For the records below, print the lines from the line with "constraints: 24 end" through the line with "diameter of A4" exactly as written; include both end lines and exclude the rest.

## Supplied information
____________

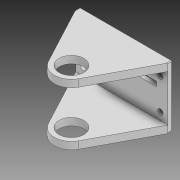
# Autodesk Inventor part: Cablecar_topbracket
Saved by Autodesk Inventor 2020 (Build 240168000, 168)
## iProperties
Created: 2021-02-03
Part Number: Cablecar_topbracket
Material: Generic
Document SubType Name: Modeling
Designer: DDeGo
Density: 1 g/cm^3
Appearance: Default
Author: DDeGo
Autodesk Inventor part; units mm, degrees
ref_plane "YZ Plane" through (0, 0, 0) normal (1, 0, 0) x (0, 1, 0)
ref_plane "XZ Plane" through (0, 0, 0) normal (0, 1, 0) x (-1, 0, 0)
ref_plane "XY Plane" through (0, 0, 0) normal (0, 0, 1) x (1, 0, 0)
sketch "Sketch1" plane through (0, 0, 0) normal (0, 0, 1) x (1, 0, 0)
  line L0 (-29.25, -19.75) -> (29.25, -19.75)
  line L1 (29.75, -19.25) -> (29.75, 19.25)
  line L2 (29.25, 19.75) -> (-29.25, 19.75)
  line L3 (-29.75, 19.25) -> (-29.75, -19.25)
  line L4 (-29.75, -19.75) -> (29.75, 19.75) construction
  line L5 (29.75, -19.75) -> (-29.75, 19.75) construction
  arc A0 (-29.25, 19.75) -> (-29.75, 19.25) centre (-29.25, 19.25) ccw
  arc A1 (29.75, 19.25) -> (29.25, 19.75) centre (29.25, 19.25) ccw
  arc A2 (29.25, -19.75) -> (29.75, -19.25) centre (29.25, -19.25) ccw
  arc A3 (-29.75, -19.25) -> (-29.25, -19.75) centre (-29.25, -19.25) ccw
  line L6 (-25, -10) -> (25, -10) construction
  line L7 (25, -10) -> (25, 10) construction
  line L8 (25, 10) -> (-25, 10) construction
  line L9 (-25, 10) -> (-25, -10) construction
  line L10 (-25, -10) -> (25, 10) construction
  line L11 (25, -10) -> (-25, 10) construction
  circle A4 centre (-25, 10) radius 1.75
  circle A5 centre (-25, -10) radius 1.75
  circle A6 centre (25, -10) radius 1.75
  circle A7 centre (25, 10) radius 1.75
  point P0 (0, 0)
  dimension "d0" = 59.5
  dimension "d1" = 39.5
  dimension "d2" = 0.5
  dimension "d3" = 20
  dimension "d4" = 50
  dimension "d5" = 3.5
  constraints: 24 end point, 8 centre point, 8 point on circle, 8 point on line, 8 tangent, 6 equal radius, 4 coincident, 4 midpoint, 4 parallel, 2 horizontal, 2 perpendicular
  measures "d0" distance of L4.end L5.end
  measures "d1" distance of L5.start L4.end
  measures "d2" radius of A0
  measures "d3" distance of L8.end L6.start
  measures "d4" distance of L7.end L8.end
  measures "d5" diameter of A4
extrude "Extrusion1" add sketch "Sketch1" along normal blind 2.5
sketch "Sketch2" plane through (0, 0, 2.5) normal (0, 0, 1) x (1, 0, 0)
  line L0 (29.75, -19.25) -> (29.75, 19.25) construction
  line L1 (29.75, 15) -> (-29.75, 15)
  line L2 (-29.75, 15) -> (-29.75, 19.25)
  line L3 (29.75, 19.25) -> (29.75, 15)
  line L4 (-29.75, 19.25) -> (-29.75, -19.25) construction
  line L5 (-29.75, -15) -> (29.75, -15)
  line L6 (29.75, -15) -> (29.75, -19.25)
  line L7 (-29.75, -19.25) -> (-29.75, -15)
  line L8 (29.75, -19.25) -> (29.75, 19.25) construction
  line L9 (-29.75, 19.25) -> (-29.75, -19.25) construction
  arc A0 (-29.25, 19.75) -> (-29.75, 19.25) centre (-29.25, 19.25) ccw projected
  line L10 (29.25, 19.75) -> (-29.25, 19.75) projected
  arc A1 (29.75, 19.25) -> (29.25, 19.75) centre (29.25, 19.25) ccw projected
  arc A2 (-29.75, -19.25) -> (-29.25, -19.75) centre (-29.25, -19.25) ccw projected
  line L11 (-29.25, -19.75) -> (29.25, -19.75) projected
  arc A3 (29.25, -19.75) -> (29.75, -19.25) centre (29.25, -19.25) ccw projected
  point P0 (0, 0)
  dimension "d8" = 30
  dimension "d9" = 4.75
  constraints: 12 end point, 4 point on line, 2 horizontal, 2 parallel, 2 perpendicular, 2 tangent, 2 vertical, 1 collinear, 1 point on circle
  measures "d8" distance between parallel lines of L1 L5
  measures "d9" distance between parallel lines of L11 L5
extrude "Extrusion2" add sketch "Sketch2" along normal blind 100
sketch "Sketch3" plane through (-29.25, -19.75, 0) normal (0, -1, 0) x (1, 0, 0)
  line L0 (59, 2.5) -> (59, 102.5) projected
  line L1 (-0.5, 2.5) -> (-0.5, 102.5) projected
  line L2 (-0.5, 2.5) -> (59, 2.5) construction
  line L3 (-0.5, 2.5) -> (59, 2.5) construction
  line L4 (59, 2.5) -> (38.9612, 40.1664)
  line L5 (19.5388, 40.1664) -> (-0.5, 2.5)
  arc A0 (38.9612, 40.1664) -> (19.5388, 40.1664) centre (29.25, 35) ccw
  circle A1 centre (29.25, 35) radius 8
  line L6 (59, 0) -> (59, 102.5) projected
  line L7 (-0.5, 102.5) -> (59, 102.5)
  point P0 (29.25, 0)
  dimension "d13" = 35
  dimension "d14" = 16
  dimension "d15" = 3
  constraints: 8 end point, 2 centre point, 2 point on circle, 2 tangent, 1 coincident, 1 collinear, 1 equal length, 1 horizontal
  measures "d13" distance of point (29.25, 0) A0.centre
  measures "d14" diameter of A1
  measures "d15" radial gap between concentric circles of A0 A1
extrude "Extrusion3" cut sketch "Sketch3" against normal through all
sketch "Sketch4" plane through (0, 0, 2.5) normal (0, 0, 1) x (1, 0, 0)
  line L0 (-22.5, 6) -> (22.5, 6)
  line L1 (22.5, 6) -> (22.5, 3)
  line L2 (22.5, 3) -> (-22.5, 3)
  line L3 (-22.5, 3) -> (-22.5, 6)
  line L4 (-22.5, 6) -> (22.5, 3) construction
  line L5 (22.5, 6) -> (-22.5, 3) construction
  line L6 (0, 4.5) -> (0, 0) construction
  dimension "d18" = 4.5
  dimension "d19" = 3
  dimension "d20" = 45
  constraints: 14 end point, 2 midpoint, 2 parallel, 1 horizontal, 1 perpendicular, 1 vertical
  measures "d18" distance of L6.start L6.end
  measures "d19" distance of L0.end L1.end
  measures "d20" distance of L0.start L0.end
extrude "Extrusion4" cut sketch "Sketch4" against normal through all
body "Solid1"

____________

## Worked solution
  constraints: 24 end point, 8 centre point, 8 point on circle, 8 point on line, 8 tangent, 6 equal radius, 4 coincident, 4 midpoint, 4 parallel, 2 horizontal, 2 perpendicular
  measures "d0" distance of L4.end L5.end
  measures "d1" distance of L5.start L4.end
  measures "d2" radius of A0
  measures "d3" distance of L8.end L6.start
  measures "d4" distance of L7.end L8.end
  measures "d5" diameter of A4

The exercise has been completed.